Indirect Nog plaatsspecifieke labeling van celgebonden TCRs met gebruik van monovalente enkele-keten Fv-fragmenten
Het is nog steeds een uitdaging om kleurstoffen oppervlak geassocieerde eiwitten van levende cellen cel in een plaatsspecifieke wijze bevestigen. Om deze hindernis voor oppervlak blootgestelde TCR overwinnen, is een monovalent enkele keten versie (SCF V) van de genen van de TcR -reactive monoklonale antilichaam H57-197 2 geconstrueerd. De kristalstructuur van dit antilichaam in complex met de TCR stelt om rationeel ontwerpen van een uitvoering, waarbij een serine residu in de nabijheid van de C-terminus van het MHC geassocieerde peptide (waarbij het overeenkomstige FRET partner kleurstof gehecht is) wordt vervangen door een cysteïnerest. Deze mutant cysteïne dient dan als een acceptor kleurstof conjugatie (figuur 2).
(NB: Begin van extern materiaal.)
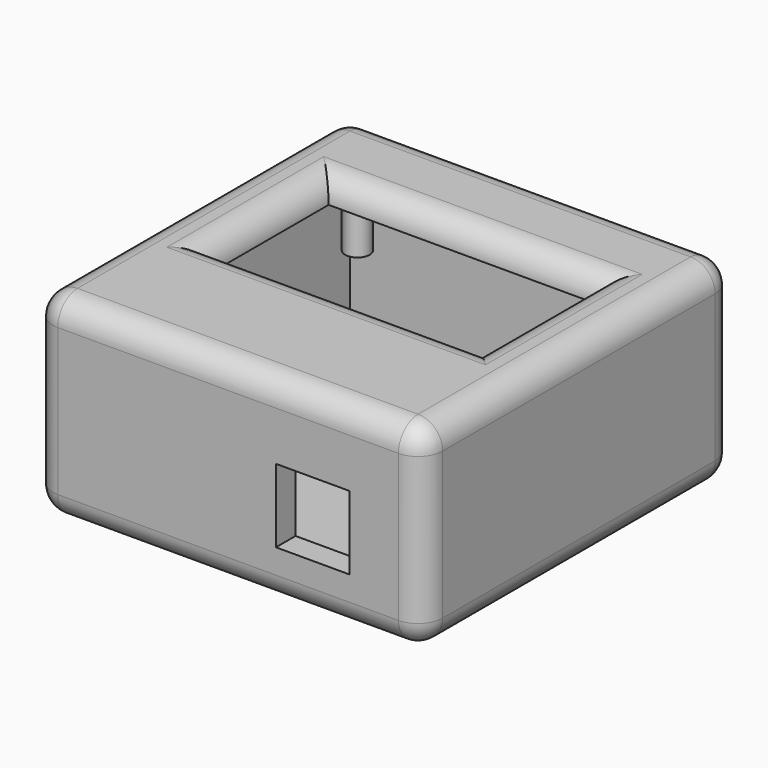
from build123d import *

# Parameters (mm, degrees)
F0_W      = 27.8
F0_H      = 27.8
F0_R      = 1
F0_W_2    = 22
F0_H_2    = 12
F1_DEPTH  = 2
F2_R      = 1.99999
F3_DEPTH  = 12
F4_W      = 27.8
F4_H      = 27.8
F5_DEPTH  = 2
F7_W      = 6
F7_H      = 6
F8_DEPTH  = 5
F9_R      = 2
F10_DEPTH = 5
F11_DEPTH = 5
F12_R     = 1.99999
F13_W     = 15.5
F13_H     = 15.5
F14_DEPTH = 1


# Not quite as in the source:
# - a fillet or chamfer is up to 0.001 mm smaller than in the source, because OpenCascade refuses the exact size
# - a feature names something its author has since deleted; it is built from what else it names


with BuildPart() as f1:
    # F0 (on Top) → F1 (new body)
    with BuildSketch(Plane.XY):
        with BuildLine():
            ThreePointArc((13.9, -15.9), (15.3142135624, -15.3142135624), (15.9, -13.9))
            Line((15.9, -13.9), (15.9, 13.9))
            ThreePointArc((15.9, 13.9), (15.3142135624, 15.3142135624), (13.9, 15.9))
            Line((13.9, 15.9), (-13.9, 15.9))
            ThreePointArc((-13.9, 15.9), (-15.3142135624, 15.3142135624), (-15.9, 13.9))
            Line((-15.9, 13.9), (-15.9, -13.9))
            ThreePointArc((-15.9, -13.9), (-15.3142135624, -15.3142135624), (-13.9, -15.9))
            Line((-13.9, -15.9), (13.9, -15.9))
        make_face()
        Rectangle(F0_W, F0_H, mode=Mode.SUBTRACT)
        Rectangle(F0_W, F0_H)
        with Locations((-11.65, -11.85)):
            Circle(F0_R, mode=Mode.SUBTRACT)
        with Locations((11.65, -11.85)):
            Circle(F0_R, mode=Mode.SUBTRACT)
        with Locations((0, 2.1)):
            Rectangle(F0_W_2, F0_H_2, mode=Mode.SUBTRACT)
        with Locations((-11.65, 11.85)):
            Circle(F0_R, mode=Mode.SUBTRACT)
        with Locations((11.65, 11.85)):
            Circle(F0_R, mode=Mode.SUBTRACT)
        with Locations((-11.65, -11.85)):
            Circle(F0_R)
        with Locations((11.65, -11.85)):
            Circle(F0_R)
        with Locations((11.65, 11.85)):
            Circle(F0_R)
        with Locations((-11.65, 11.85)):
            Circle(F0_R)
    extrude(amount=F1_DEPTH)

    # F2 (radius 2 in the source; OpenCascade refuses exactly that, so slightly less here)
    f2_edges = [f1.edges().sort_by_distance(p)[0] for p in [
        (0, 8.1, 2),
        (-11, 2.1, 2),
        (11, 2.1, 2),
        (0, -3.9, 2),
        (-15.9, 0, 2),
    ]]
    fillet(f2_edges, radius=F2_R)

    # F0 (on Top) → F3 (join)
    with BuildSketch(Plane.XY):
        with BuildLine():
            ThreePointArc((13.9, -15.9), (15.3142135624, -15.3142135624), (15.9, -13.9))
            Line((15.9, -13.9), (15.9, 13.9))
            ThreePointArc((15.9, 13.9), (15.3142135624, 15.3142135624), (13.9, 15.9))
            Line((13.9, 15.9), (-13.9, 15.9))
            ThreePointArc((-13.9, 15.9), (-15.3142135624, 15.3142135624), (-15.9, 13.9))
            Line((-15.9, 13.9), (-15.9, -13.9))
            ThreePointArc((-15.9, -13.9), (-15.3142135624, -15.3142135624), (-13.9, -15.9))
            Line((-13.9, -15.9), (13.9, -15.9))
        make_face()
        Rectangle(F0_W, F0_H, mode=Mode.SUBTRACT)
    extrude(amount=-F3_DEPTH)


with BuildPart() as f5:
    # F4 (on face) → F5 (new body)
    with BuildSketch(Plane(origin=(0, 0, -12), x_dir=(1, 0, 0), z_dir=(0, 0, -1))):
        with BuildLine():
            ThreePointArc((-13.9, 15.9), (-15.3142135624, 15.3142135624), (-15.9, 13.9))
            Line((-15.9, 13.9), (-15.9, -13.9))
            ThreePointArc((-15.9, -13.9), (-15.3142135624, -15.3142135624), (-13.9, -15.9))
            Line((-13.9, -15.9), (13.9, -15.9))
            ThreePointArc((13.9, -15.9), (15.3142135624, -15.3142135624), (15.9, -13.9))
            Line((15.9, -13.9), (15.9, 13.9))
            ThreePointArc((15.9, 13.9), (15.3142135624, 15.3142135624), (13.9, 15.9))
            Line((13.9, 15.9), (-13.9, 15.9))
        make_face()
        Rectangle(F4_W, F4_H, mode=Mode.SUBTRACT)
        Rectangle(F4_W, F4_H)
    extrude(amount=F5_DEPTH)

    # F6: cut F1
    add(f1.part, mode=Mode.SUBTRACT)

    # F12 (radius 2 in the source; OpenCascade refuses exactly that, so slightly less here)
    f12_edges = [f5.edges().sort_by_distance(p)[0] for p in [
        (0, -15.9, -14),
    ]]
    fillet(f12_edges, radius=F12_R)

    # F13 (on face) → F14 (cut)
    with BuildSketch(Plane(origin=(0, 0, -14), x_dir=(1, 0, 0), z_dir=(0, 0, -1))):
        with Locations((0, -6.15)):
            Rectangle(F13_W, F13_H)
    extrude(amount=-F14_DEPTH, mode=Mode.SUBTRACT)


with BuildPart() as f1_1:
    add(f1.part)

    # F7 (on face) → F8 (cut)
    with BuildSketch(Plane.XZ.offset(15.9)):
        with Locations((6.9, -7)):
            Rectangle(F7_W, F7_H)
    extrude(amount=-F8_DEPTH, mode=Mode.SUBTRACT)

    # F9 (on face) → F10 (cut)
    with BuildSketch(Plane(origin=(-15.9, 0, 0), x_dir=(0, -1, 0), z_dir=(-1, 0, 0))):
        with Locations((7.9, -7)):
            Circle(F9_R)
    extrude(amount=-F10_DEPTH, mode=Mode.SUBTRACT)

    # F0 (on Top) → F11 (join)
    with BuildSketch(Plane.XY):
        with Locations((-11.65, -11.85)):
            Circle(F0_R)
        with Locations((11.65, -11.85)):
            Circle(F0_R)
        with Locations((-11.65, 11.85)):
            Circle(F0_R)
        with Locations((11.65, 11.85)):
            Circle(F0_R)
    extrude(amount=-F11_DEPTH)


solid = Compound([f5.part, f1_1.part])

Methodologieën om FRET opnemen
nt "> Bulk FRET waarden best overeenstemt met de verhouding tussen gekozen inter-dye afstanden verifiëren en FRET efficiëntie gemeten in de TCR-pMHC bindsysteem 2. Bovendien bulk FRET metingen onthullen kwalitatieve en kwantitatieve verschillen in synaptische TCR-pMHC affiniteiten ( zie hieronder en protocol paragraaf 3.2). Verschillende benaderingen voor het kwantificeren van FRET efficiëntie hebben in de literatuur 6 geïntroduceerd. In dit artikel FRET wordt geregistreerd via(a) donor herstel na acceptor bleken, en via
(b) lichtgevoelig FRET acceptor emissie.
De eerste methode (a) vereist het gebruik van een FRET acceptor die gemakkelijk kan worden photobleached en een donor, die vrij photostable. Bovendien is het belangrijk dat de photobleached acceptor niet langer in staat afschrikken van het donor fluorescentie. Als dezelfde detectie-kanaal (donor) wordt gebruikt voor het kwantificeren, geen correctiefactoren eend geen chromatische aberraties moeten worden beschouwd, die deze methode eenvoudig en betrouwbaar maakt. Echter, kunnen kwantitatieve metingen niet worden herhaald op dezelfde plek monster en veranderingen in FRET kan niet worden opgenomen in de tijd. Effecten veroorzaakt door moleculaire diffusie of cellulaire beweeglijkheid snel bleken stap moet worden nagestreefd, waarbij de tijd passeren tussen de eerste FRET donor (vóór acceptor bleken) en de tweede FRET-donor beeldacquisitie (na FRET acceptor bleken) minimaliseert voorkomen. Het is aanbevolen om een krachtige laser lichtbron van de FRET acceptor excitatiegolflengte dienst om verlichting en bleken te minimaliseren.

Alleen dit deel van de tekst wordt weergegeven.